It's non-numismatic, but I know this will interest many of our readers, as it did me. Back during my stint in London I had some enjoyable dinner conversations with John P Andrew, Coin World's London correspondent. I learned that in addition to coins, he is also an expert on silver art and the works of Peter Carl Fabergé.
Russian jeweler Fabergé (1846–1920) was best known for the famous Fabergé eggs, made in the style of genuine Easter eggs, but using precious metals and gemstones rather than more mundane materials. I thought John had had one too many drinks when he relayed the account of an unusual machine Fabergé built to speed the manufacture of his precious eggs. But the machine held a secret.
Under growing scrutiny by competitors jealous of his close ties to the Czar and his family, Fabergé decided to pull one over on them. Not wishing to divulge even the most mundane steps of his manufacturing process, he hid them within a glorious contraption he demonstrated on rare occasions to selected visitors to his store in St. Petersburg. Silver, gold, diamonds and rubies went in one end, and after over an hour of tapping, clanging and hammering, out popped a fabulous Fabergé egg from the other end.
Fabergé's contraption was secretly modeled after the famous Mechanical Turk, a machine designed by an Austrian tinkerer and scientist in the late 1700s - a time when machines that could simulate some aspect of life were apparently all the rage at Europe’s courts. On the more charming side was a boy playing the flute, whose wind-up gears actually produced a flute-like sound. On the less charming side was a replica of a duck, whose primary enchantment was that when fed, his wind-up gears took the food through the process of digestion, including the excretions at the end.
The mechanical Turk was far more impressive than any other machine of its day, because it seemed to be able to think.
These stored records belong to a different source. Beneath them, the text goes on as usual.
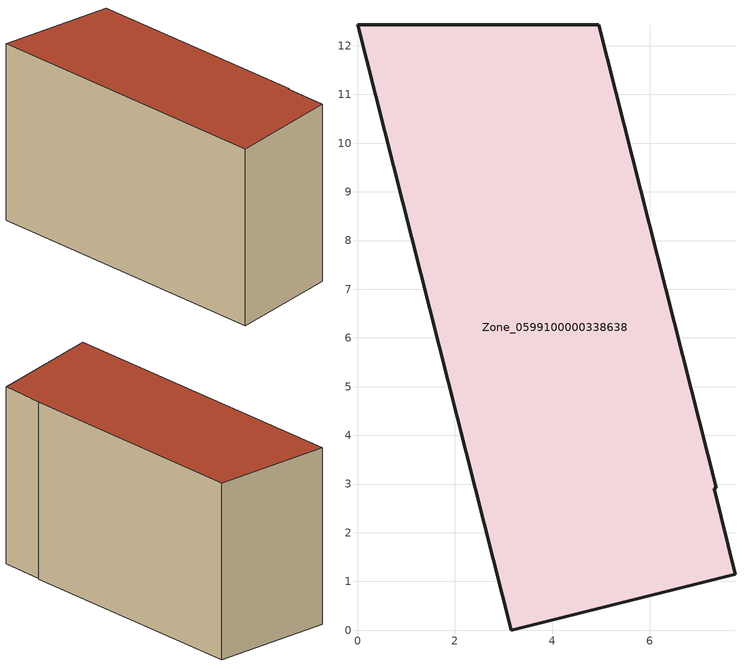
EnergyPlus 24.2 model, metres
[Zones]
Zone_0599100000338638
 floor ground (C_G): 7.75,1.15 3.15,0 0,12.43 4.95,12.43 7.37,2.92 7.32,2.91 z0
 wall outside (C_F): 3.15,0 7.75,1.15 7.32,2.91 7.37,2.92 4.95,12.43 0,12.43 3.15,0 z0:8.32
 roof outside (C_R): 7.37,2.92 4.95,12.43 0,12.43 3.15,0 7.75,1.15 7.32,2.91 z8.32
[BUILDING]
Pand.0599100000338638: North Axis=0; Terrain=City; Loads Convergence Tolerance Value=0.04; Temperature Convergence Tolerance Value=0.4; Solar Distribution=FullExterior; Maximum Number of Warmup Days=25; Minimum Number of Warmup Days=1
[Site:Location]
Rotterdam.The.Hague.AP_ZH_NLD Design_Conditions: Latitude=51.96; Longitude=4.45; Time Zone=1; Elevation=-4.5
[SITE:GROUNDTEMPERATURE:BUILDINGSURFACE]
18, 18, 18, 18, 18, 18, 18, 18, 18, 18, 18, 18
[MATERIAL] Thermal Absorptance=0.9; Solar Absorptance=0.7; Visible Absorptance=0.7
Name | Roughness | Thickness | Conductivity | Density | Specific Heat
G.TI.1992-2005 | MediumSmooth | 0.15 | 0.06 | 540 | 1210
F.TI.1992-2005 | Rough | 0.3 | 0.12 | 1920 | 840
R.TI.1992-2005 | MediumRough | 0.2 | 0.08 | 1500 | 1000
[CONSTRUCTION]
C_G: G.TI.1992-2005
C_F: F.TI.1992-2005
C_R: R.TI.1992-2005
[ZONE]
Zone_0599100000338638: Type=1; Multiplier=1; Ceiling Height=Autocalculate; Volume=Autocalculate; Floor Area=autocalculate; Part of Total Floor Area=Yes
[ZONEINFILTRATION:DESIGNFLOWRATE]
Infil_Zone_0599100000338638: Zone or ZoneList or Space or SpaceList=Zone_0599100000338638; Schedule=AlwaysOn; Design Flow Rate Calculation Method=Flow/Area; Flow Rate per Floor Area=0.0015; Constant Term Coefficient=1; Temperature Term Coefficient=0; Velocity Term Coefficient=0; Velocity Squared Term Coefficient=0
[HVACTEMPLATE:ZONE:IDEALLOADSAIRSYSTEM]
Zone_0599100000338638: Maximum Heating Supply Air Temperature=50; Minimum Cooling Supply Air Temperature=13; Maximum Heating Supply Air Humidity Ratio=0.0156; Minimum Cooling Supply Air Humidity Ratio=0.0077; Heating Limit=NoLimit; Cooling Limit=NoLimit; Dehumidification Control Type=ConstantSensibleHeatRatio; Cooling Sensible Heat Ratio=0.7; Dehumidification Setpoint=60; Humidification Control Type=None; Humidification Setpoint=30; Outdoor Air Method=None; Outdoor Air Flow Rate per Person=0.00944; Outdoor Air Flow Rate per Zone Floor Area=0; Outdoor Air Flow Rate per Zone=0; Demand Controlled Ventilation Type=None; Outdoor Air Economizer Type=NoEconomizer; Heat Recovery Type=None; Sensible Heat Recovery Effectiveness=0.7; Latent Heat Recovery Effectiveness=0.65
[ZONECONTROL:THERMOSTAT]
ThermostatControl_Zone_0599100000338638: Zone or ZoneList=Zone_0599100000338638; Control Type Schedule=DualSetpointControlType; Control 1=Thermostat_Zone_0599100000338638; Temperature Difference Between Cutout And Setpoint=0
[THERMOSTATSETPOINT:DUALSETPOINT]
Thermostat_Zone_0599100000338638: Heating Setpoint Temperature Schedule=HeatingSetpoint_Zone_0599100000338638; Cooling Setpoint Temperature Schedule=CoolingSetpoint_Zone_0599100000338638
[SCHEDULE:COMPACT]
HeatingSetpoint_Zone_0599100000338638: Through: 12/31, For: AllDays, Until: 24:00, 21
CoolingSetpoint_Zone_0599100000338638: Through: 12/31, For: AllDays, Until: 24:00, 24
DualSetpointControlType: Through: 12/31, For: AllDays, Until: 24:00, 4
AlwaysOn: Through: 12/31, For: AllDays, Until: 24:00, 1
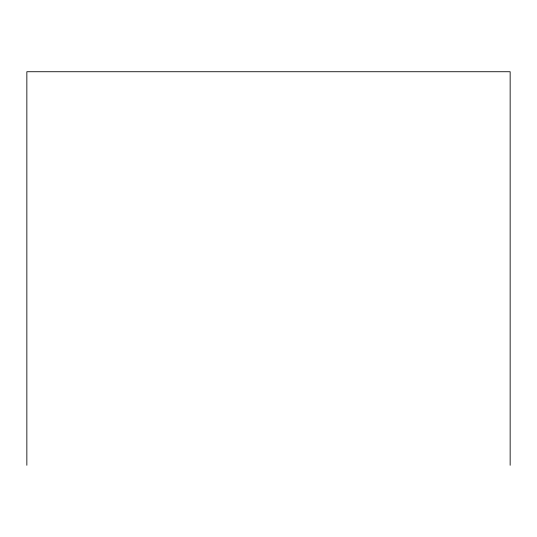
<?xml version="1.0" encoding="UTF-8"?>
<svg xmlns="http://www.w3.org/2000/svg" width="537" height="537" viewBox="0 0 537 537"><rect width="100%" height="100%" fill="white"/><g stroke="black" fill="none" stroke-linecap="round" stroke-linejoin="round"><path stroke-width="0.81" d="M510.15 465.27L510.15 71.73L26.85 71.73L26.85 465.27"/></g></svg>

The machine was a large table, which housed the machine’s gears, and the figure of an Ottoman Turk. What the machine did was to play chess, very, very well. Onlookers were astonished, but in the end it was all a hoax - hidden inside the "machine" was a master chess player, manipulating the arms and hands of the Turk.
Inside Fabergé's machine, hidden from view, was a midget master jeweler who assembled the eggs from an array of partially completed components. Although there were many skeptics, Rasputin quelled them, implying that the work of the devil was somehow involved. Most thought it best not to question, although some wags called the contraption "Fabergé's Chicken".
Well, to bring the story to the present, a Russian newspaper reported this week that during the demolition of Fabergé's former store building in St. Petersburg, workman found a set of crates in an attic storeroom that appear to contain the complete workings of the machine. The Hermitage Museum has hired a team of top mechanical engineers and craftsmen to reassemble it for a new exhibit on Fabergé scheduled to open in 2011.